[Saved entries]
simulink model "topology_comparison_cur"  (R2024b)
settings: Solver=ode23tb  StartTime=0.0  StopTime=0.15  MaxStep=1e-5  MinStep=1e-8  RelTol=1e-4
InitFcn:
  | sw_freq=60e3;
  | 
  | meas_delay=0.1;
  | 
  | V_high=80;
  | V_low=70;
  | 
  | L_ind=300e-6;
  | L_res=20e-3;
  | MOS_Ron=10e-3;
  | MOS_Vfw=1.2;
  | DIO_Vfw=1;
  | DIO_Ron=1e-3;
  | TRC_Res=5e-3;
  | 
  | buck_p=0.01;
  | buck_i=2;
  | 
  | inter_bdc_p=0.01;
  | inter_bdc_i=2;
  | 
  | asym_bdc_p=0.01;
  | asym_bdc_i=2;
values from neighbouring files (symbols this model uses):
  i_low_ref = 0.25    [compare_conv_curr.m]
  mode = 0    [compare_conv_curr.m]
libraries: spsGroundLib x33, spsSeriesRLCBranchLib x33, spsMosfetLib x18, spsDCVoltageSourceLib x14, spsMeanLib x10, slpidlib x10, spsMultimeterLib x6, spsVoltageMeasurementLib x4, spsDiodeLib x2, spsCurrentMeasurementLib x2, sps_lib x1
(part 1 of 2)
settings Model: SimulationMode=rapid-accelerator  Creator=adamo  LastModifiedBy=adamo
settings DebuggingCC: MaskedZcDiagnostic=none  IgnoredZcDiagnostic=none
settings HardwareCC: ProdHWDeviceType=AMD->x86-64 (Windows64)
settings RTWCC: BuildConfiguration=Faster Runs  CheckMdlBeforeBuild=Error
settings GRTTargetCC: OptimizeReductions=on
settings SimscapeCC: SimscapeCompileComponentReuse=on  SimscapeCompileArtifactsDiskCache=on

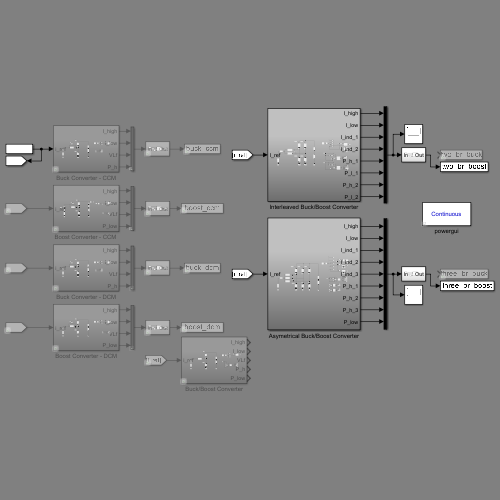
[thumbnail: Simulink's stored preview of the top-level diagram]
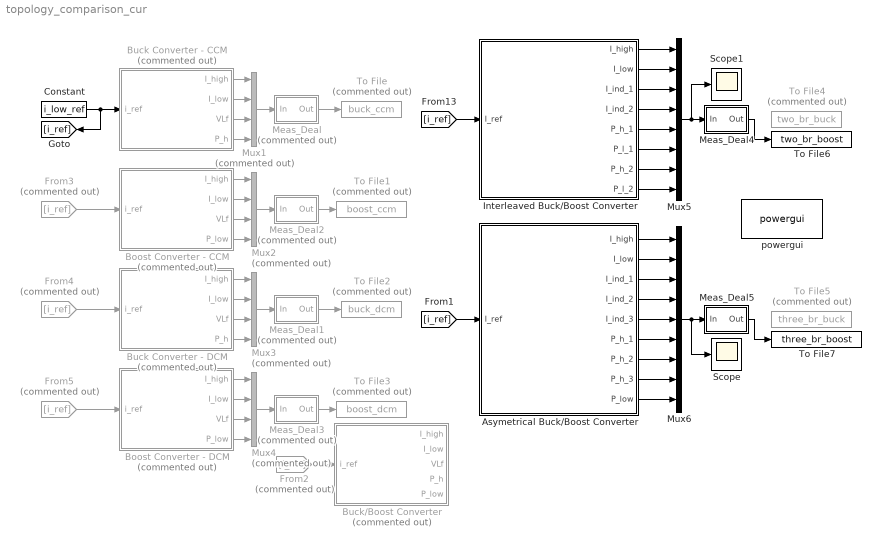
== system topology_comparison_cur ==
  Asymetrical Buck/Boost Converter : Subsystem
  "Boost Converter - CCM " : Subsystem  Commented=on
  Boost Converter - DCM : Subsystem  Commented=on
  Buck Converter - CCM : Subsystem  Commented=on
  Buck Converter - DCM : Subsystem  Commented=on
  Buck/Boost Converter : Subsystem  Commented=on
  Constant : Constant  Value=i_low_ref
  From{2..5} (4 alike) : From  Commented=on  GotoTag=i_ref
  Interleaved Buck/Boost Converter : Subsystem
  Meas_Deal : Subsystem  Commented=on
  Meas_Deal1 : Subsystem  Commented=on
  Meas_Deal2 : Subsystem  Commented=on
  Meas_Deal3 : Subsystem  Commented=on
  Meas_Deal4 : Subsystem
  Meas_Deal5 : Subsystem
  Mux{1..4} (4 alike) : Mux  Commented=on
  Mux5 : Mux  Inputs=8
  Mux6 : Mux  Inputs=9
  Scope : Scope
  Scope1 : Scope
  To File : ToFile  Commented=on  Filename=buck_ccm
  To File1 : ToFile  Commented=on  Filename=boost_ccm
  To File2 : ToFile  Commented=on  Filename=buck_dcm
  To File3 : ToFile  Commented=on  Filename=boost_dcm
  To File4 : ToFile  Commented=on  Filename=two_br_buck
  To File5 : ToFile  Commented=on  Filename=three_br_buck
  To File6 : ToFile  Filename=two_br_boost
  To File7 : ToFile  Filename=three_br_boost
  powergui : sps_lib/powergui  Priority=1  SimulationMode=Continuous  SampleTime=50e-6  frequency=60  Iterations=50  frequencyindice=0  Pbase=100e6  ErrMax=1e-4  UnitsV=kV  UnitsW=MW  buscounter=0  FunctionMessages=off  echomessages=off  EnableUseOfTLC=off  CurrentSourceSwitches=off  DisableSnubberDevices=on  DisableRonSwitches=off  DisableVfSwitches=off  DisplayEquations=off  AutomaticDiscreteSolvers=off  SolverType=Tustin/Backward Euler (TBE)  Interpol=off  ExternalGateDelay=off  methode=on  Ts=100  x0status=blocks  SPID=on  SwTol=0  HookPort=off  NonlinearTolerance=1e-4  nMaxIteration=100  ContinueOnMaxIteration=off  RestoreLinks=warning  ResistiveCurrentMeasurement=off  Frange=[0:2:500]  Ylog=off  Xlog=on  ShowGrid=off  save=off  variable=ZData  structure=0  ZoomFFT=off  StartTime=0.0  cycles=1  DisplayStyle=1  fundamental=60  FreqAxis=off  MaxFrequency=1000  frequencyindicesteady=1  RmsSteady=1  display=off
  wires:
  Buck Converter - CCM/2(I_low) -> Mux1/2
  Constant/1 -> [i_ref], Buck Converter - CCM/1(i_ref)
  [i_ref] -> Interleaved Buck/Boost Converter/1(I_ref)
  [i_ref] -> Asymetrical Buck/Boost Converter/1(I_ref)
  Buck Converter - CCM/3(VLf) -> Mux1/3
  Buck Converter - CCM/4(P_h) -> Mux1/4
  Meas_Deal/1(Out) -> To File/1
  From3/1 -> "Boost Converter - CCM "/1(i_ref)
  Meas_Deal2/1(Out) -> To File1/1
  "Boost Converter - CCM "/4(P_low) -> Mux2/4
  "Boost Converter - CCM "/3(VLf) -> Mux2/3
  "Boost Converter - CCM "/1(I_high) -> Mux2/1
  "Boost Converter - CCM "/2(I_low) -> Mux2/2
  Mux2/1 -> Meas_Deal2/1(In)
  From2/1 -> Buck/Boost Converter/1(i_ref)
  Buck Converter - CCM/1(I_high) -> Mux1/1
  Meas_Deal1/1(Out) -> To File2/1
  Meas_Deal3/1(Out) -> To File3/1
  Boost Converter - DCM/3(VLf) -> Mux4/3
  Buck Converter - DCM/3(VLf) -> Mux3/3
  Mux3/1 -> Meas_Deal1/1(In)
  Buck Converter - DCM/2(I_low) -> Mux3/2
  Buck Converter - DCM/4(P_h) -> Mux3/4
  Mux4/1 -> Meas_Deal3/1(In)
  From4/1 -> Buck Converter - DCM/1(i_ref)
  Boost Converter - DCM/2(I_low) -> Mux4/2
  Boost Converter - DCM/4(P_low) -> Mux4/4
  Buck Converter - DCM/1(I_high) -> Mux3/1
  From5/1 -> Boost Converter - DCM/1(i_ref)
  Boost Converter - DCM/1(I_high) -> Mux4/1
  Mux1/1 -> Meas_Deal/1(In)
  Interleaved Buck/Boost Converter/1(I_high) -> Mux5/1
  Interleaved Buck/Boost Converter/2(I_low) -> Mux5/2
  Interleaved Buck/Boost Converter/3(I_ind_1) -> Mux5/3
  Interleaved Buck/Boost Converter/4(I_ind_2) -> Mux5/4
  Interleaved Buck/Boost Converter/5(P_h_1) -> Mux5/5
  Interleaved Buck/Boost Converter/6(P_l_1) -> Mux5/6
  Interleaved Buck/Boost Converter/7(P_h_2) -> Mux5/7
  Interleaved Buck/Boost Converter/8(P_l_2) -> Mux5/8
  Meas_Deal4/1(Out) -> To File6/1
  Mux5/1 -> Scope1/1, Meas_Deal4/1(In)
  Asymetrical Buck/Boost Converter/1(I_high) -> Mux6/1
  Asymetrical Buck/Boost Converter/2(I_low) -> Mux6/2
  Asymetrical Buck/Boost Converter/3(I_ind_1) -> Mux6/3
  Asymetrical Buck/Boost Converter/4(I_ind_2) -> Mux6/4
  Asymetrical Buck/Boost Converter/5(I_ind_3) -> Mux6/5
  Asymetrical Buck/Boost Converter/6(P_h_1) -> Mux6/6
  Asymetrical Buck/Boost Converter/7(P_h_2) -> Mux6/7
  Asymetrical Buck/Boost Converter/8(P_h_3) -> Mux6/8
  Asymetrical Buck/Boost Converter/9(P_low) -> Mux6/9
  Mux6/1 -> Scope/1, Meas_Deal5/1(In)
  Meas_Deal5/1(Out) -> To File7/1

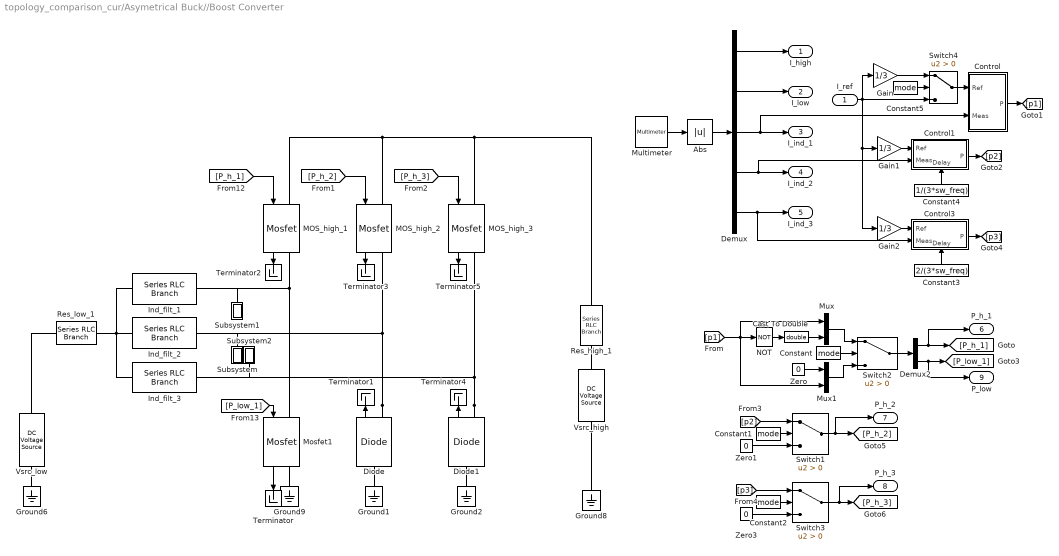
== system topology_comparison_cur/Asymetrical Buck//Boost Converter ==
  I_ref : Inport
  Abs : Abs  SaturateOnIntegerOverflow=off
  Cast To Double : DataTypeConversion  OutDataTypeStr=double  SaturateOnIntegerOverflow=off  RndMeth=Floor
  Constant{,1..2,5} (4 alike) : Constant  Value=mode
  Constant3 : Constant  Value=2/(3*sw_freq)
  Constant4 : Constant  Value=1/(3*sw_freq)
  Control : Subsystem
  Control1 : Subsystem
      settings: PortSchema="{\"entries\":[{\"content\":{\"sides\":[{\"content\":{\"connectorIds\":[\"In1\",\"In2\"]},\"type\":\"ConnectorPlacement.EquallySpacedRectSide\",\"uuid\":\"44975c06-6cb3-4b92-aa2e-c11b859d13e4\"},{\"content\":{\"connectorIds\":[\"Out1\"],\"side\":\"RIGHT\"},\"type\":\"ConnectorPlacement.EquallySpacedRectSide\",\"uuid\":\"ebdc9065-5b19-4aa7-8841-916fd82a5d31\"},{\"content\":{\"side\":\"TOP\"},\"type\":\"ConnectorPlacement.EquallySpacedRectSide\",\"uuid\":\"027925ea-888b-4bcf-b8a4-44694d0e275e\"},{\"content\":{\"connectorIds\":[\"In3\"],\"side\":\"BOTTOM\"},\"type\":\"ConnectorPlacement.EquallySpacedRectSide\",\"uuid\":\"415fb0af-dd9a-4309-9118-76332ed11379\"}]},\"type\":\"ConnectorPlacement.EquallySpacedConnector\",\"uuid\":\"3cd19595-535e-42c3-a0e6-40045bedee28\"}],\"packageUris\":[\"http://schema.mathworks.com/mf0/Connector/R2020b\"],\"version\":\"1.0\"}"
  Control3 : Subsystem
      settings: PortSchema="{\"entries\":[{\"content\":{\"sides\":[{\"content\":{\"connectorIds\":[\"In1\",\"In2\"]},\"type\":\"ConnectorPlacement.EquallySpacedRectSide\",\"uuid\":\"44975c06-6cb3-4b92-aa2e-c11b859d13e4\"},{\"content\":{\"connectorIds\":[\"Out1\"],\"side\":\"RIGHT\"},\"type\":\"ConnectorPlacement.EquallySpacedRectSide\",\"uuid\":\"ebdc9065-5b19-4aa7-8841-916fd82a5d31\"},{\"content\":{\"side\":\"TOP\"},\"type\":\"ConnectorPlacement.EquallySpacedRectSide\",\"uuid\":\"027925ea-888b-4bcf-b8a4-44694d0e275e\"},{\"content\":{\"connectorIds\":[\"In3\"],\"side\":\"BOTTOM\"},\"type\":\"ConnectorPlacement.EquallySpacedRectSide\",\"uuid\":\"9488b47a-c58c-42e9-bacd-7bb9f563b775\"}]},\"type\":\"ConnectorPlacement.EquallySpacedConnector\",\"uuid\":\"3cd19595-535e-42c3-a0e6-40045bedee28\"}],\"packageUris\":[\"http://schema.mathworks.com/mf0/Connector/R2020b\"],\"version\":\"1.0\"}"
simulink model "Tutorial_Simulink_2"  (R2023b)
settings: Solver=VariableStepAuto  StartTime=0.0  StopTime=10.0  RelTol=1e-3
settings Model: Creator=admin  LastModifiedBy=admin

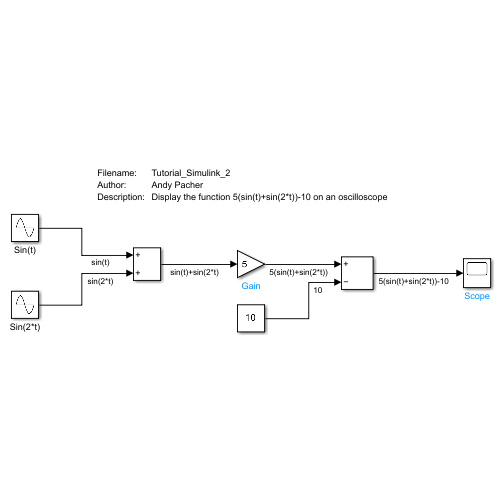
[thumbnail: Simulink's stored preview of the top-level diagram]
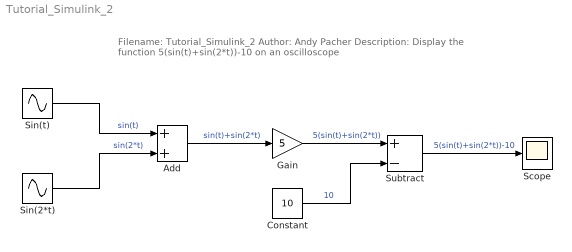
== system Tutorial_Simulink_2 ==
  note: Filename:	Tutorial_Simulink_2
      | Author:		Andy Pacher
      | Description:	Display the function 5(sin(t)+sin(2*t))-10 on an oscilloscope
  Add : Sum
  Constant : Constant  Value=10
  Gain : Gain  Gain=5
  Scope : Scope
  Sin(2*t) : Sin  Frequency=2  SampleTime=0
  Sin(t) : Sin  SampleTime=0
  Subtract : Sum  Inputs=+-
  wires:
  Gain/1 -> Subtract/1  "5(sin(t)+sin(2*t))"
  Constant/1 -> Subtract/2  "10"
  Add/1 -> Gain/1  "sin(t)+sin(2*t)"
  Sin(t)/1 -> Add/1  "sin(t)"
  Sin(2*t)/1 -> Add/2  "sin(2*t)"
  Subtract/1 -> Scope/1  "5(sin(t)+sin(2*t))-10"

- [Directions] From the records above, pull every line that has the string "Inputs" and copy it.

- [Response for this exercise]
  Mux5 : Mux  Inputs=8
  Mux6 : Mux  Inputs=9
  Subtract : Sum  Inputs=+-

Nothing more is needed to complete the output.